Not to be outshone by one person however, football’s world governing body, in all its exalted, overpampered bereaucratic and extravagantly nonplussed false sense of esteemed justification, named a World XI comprising players from two cities in one country.
So much for a ***WORLD*** team that it was devoid of talents such as Neymar who unfortunately lost with Brazil at the Olympic Games football final, Robin van Persie who scored many crucial and well executed goals for Arsenal and Manchester United and Andrea Pirlo who orchestrated an unbeaten title winning season for Juventus with sumptuous through passes and celestially graceful poise (yes, the tautology’s worth it).
Since we’re talking of a World XI, Chris Katongo could well have made that list having led Zambia to a historic, dramatic, memorable and highly emotional first African Cup of Nations triumph.
Yaya Toure could as well have made that list, leading Manchester City – along with Hart and the rest of the Kompany – to the English Premier League title and going so close with Cote D’Ivoire at the AFCON.
Manuel Neuer certainly deserved a spot too and Didier Drogba wouldn’t have been out of place though a host of strikers did much better than he did; he just happened to score crucial title winning goals.
In the end, squashing whatever faint hopes the likes of Edinson Cavani, Fernando Llorente, Mario Götze, Mario Gomez and Gianluigi Buffon among others may have had, five players each from Real Madrid and Barcelona were named in the World XI, with Radamel Falcao being (sort of) the exception… since he plays at Atletico Madrid.

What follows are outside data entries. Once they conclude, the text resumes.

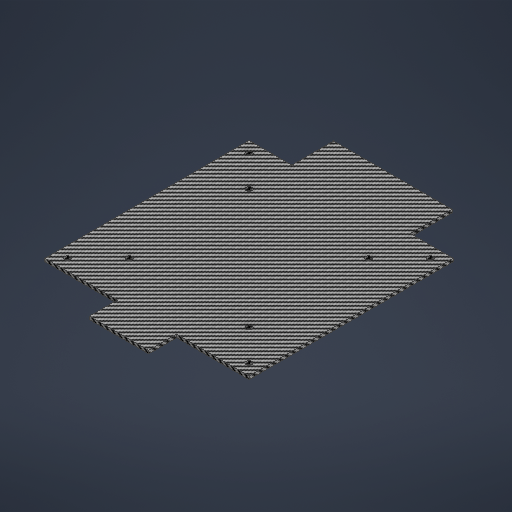
# Autodesk Inventor part: swtc2
Saved by Autodesk Inventor 2026.1 (Build 301233020, 233B)
## iProperties
Created: 2025-07-24
Part Number: swtc2
Material: Polímero reforzado con fibra de carbono
Document SubType Name: Modeling
Designer: rodri
Density: 1.43 g/cm^3
Appearance: Fibra de carbono
Author: rodri
Autodesk Inventor part; units mm, degrees
ref_plane "YZ Plane" through (0, 0, 0) normal (1, 0, 0) x (0, 1, 0)
ref_plane "XZ Plane" through (0, 0, 0) normal (0, 1, 0) x (-1, 0, 0)
ref_plane "XY Plane" through (0, 0, 0) normal (0, 0, 1) x (1, 0, 0)
sketch "Boceto4" plane through (0, 0, 0) normal (0, 1, 0) x (-1, 0, 0)
  line L0 (-58.5, -58.5) -> (58.5, -58.5)
  line L1 (58.5, -58.5) -> (58.5, 58.5)
  line L2 (58.5, 58.5) -> (-58.5, 58.5)
  line L3 (-58.5, 58.5) -> (-58.5, -58.5)
  line L4 (-58.5, -58.5) -> (58.5, 58.5) construction
  line L5 (58.5, -58.5) -> (-58.5, 58.5) construction
  line L6 (-52, 52) -> (52, 52) construction
  line L7 (52, 52) -> (52, -52) construction
  line L8 (52, -52) -> (-52, -52) construction
  line L9 (-52, -52) -> (-52, 52) construction
  line L10 (-52, 52) -> (52, -52) construction
  line L11 (52, 52) -> (-52, -52) construction
  line L12 (-34.3223, -34.3223) -> (34.3223, -34.3223) construction
  line L13 (34.3223, -34.3223) -> (34.3223, 34.3223) construction
  line L14 (34.3223, 34.3223) -> (-34.3223, 34.3223) construction
  line L15 (-34.3223, 34.3223) -> (-34.3223, -34.3223) construction
  line L16 (-34.3223, -34.3223) -> (34.3223, 34.3223) construction
  line L17 (34.3223, -34.3223) -> (-34.3223, 34.3223) construction
  line L18 (0, -58.5) -> (0, -82.5) construction
  line L19 (34, -58.5) -> (-34, -58.5)
  line L20 (-34, -58.5) -> (-34, -82.5)
  line L21 (-34, -82.5) -> (34, -82.5)
  line L22 (34, -82.5) -> (34, -58.5)
  line L23 (34, -58.5) -> (-34, -82.5) construction
  line L24 (-34, -58.5) -> (34, -82.5) construction
  line L25 (0, 58.5) -> (0, 74.5) construction
  line L26 (17, 58.5) -> (-17, 58.5)
  line L27 (-17, 58.5) -> (-17, 74.5)
  line L28 (-17, 74.5) -> (17, 74.5)
  line L29 (17, 74.5) -> (17, 58.5)
  line L30 (17, 58.5) -> (-17, 74.5) construction
  line L31 (-17, 58.5) -> (17, 74.5) construction
  point P0 (0, 0)
  point P1 (0, -70.5)
  point P2 (0, 66.5)
  dimension "d35" = 117
  dimension "d36" = 117
  dimension "d37" = 104
  dimension "d38" = 104
  dimension "d39" = 25
  dimension "d49" = 24
  dimension "d50" = 68
  dimension "d51" = 16
  dimension "d52" = 34
  constraints: 64 end point, 14 midpoint, 10 parallel, 5 horizontal, 5 perpendicular, 2 vertical, 1 point on line
  measures "d35" distance of L0.start L0.end
  measures "d36" distance of L0.end L1.end
  measures "d37" distance of L7.end L8.end
  measures "d38" distance of L6.end L7.end
  measures "d39" distance of L13.end L6.end
  measures "d49" distance of L18.start L18.end
  measures "d50" distance of L20.end L21.end
  measures "d51" distance of L25.start L25.end
  measures "d52" distance of L27.end L28.end
extrude "Extrusión3" add sketch "Boceto4" against normal blind 1.8
hole "Agujero2" at (-52, 0, -52) at (52, 0, -52) at (34.3223, 0, -34.3223) at (-34.3223, 0, -34.3223) at (-52, 0, 52) at (-34.3223, 0, 34.3223) at (52, 0, 52) at (34.3223, 0, 34.3223) direction (0, -1, 0) diameter 3.4 end through all clearance for "Tornillo para maquinaria de cabeza plana" size "M3" standard "Perfil M métrico ANSI"

Ridiculous!
I’d put Falcao with van Persie upfront, dump CR7 and Messi in midfield either side of Pirlo and Yaya Toure with Kompany showing up at the back.
Would be quite a gesture to have Sergio Ramos earn a career ending red card by tackling FIFA, in its nonplussed entirety, the *censored* *censored* out of the beautiful game. Gosh!
Math Gone Wrong
Beauty at times can be a complication and football is a beautiful game, so beautiful that it makes values become distorted so that £2m becomes so much more valuable and benefitting than £50m ever could.
So was the tale of two Spaniards when Chelsea hosted Swansea in the first leg of a Capital One Cup semi-final match, with Miguel *can’t remember the rest of his native name but thankfully we all can simply call him… * Michu did damage as the Swans ran out 2-0 victors.
Fernando Torres on the contrary was, to be kind, lethargic and one knew from the 10 minutes Demba Ba got when he replaced El-Zero was the result would have been much more competitive.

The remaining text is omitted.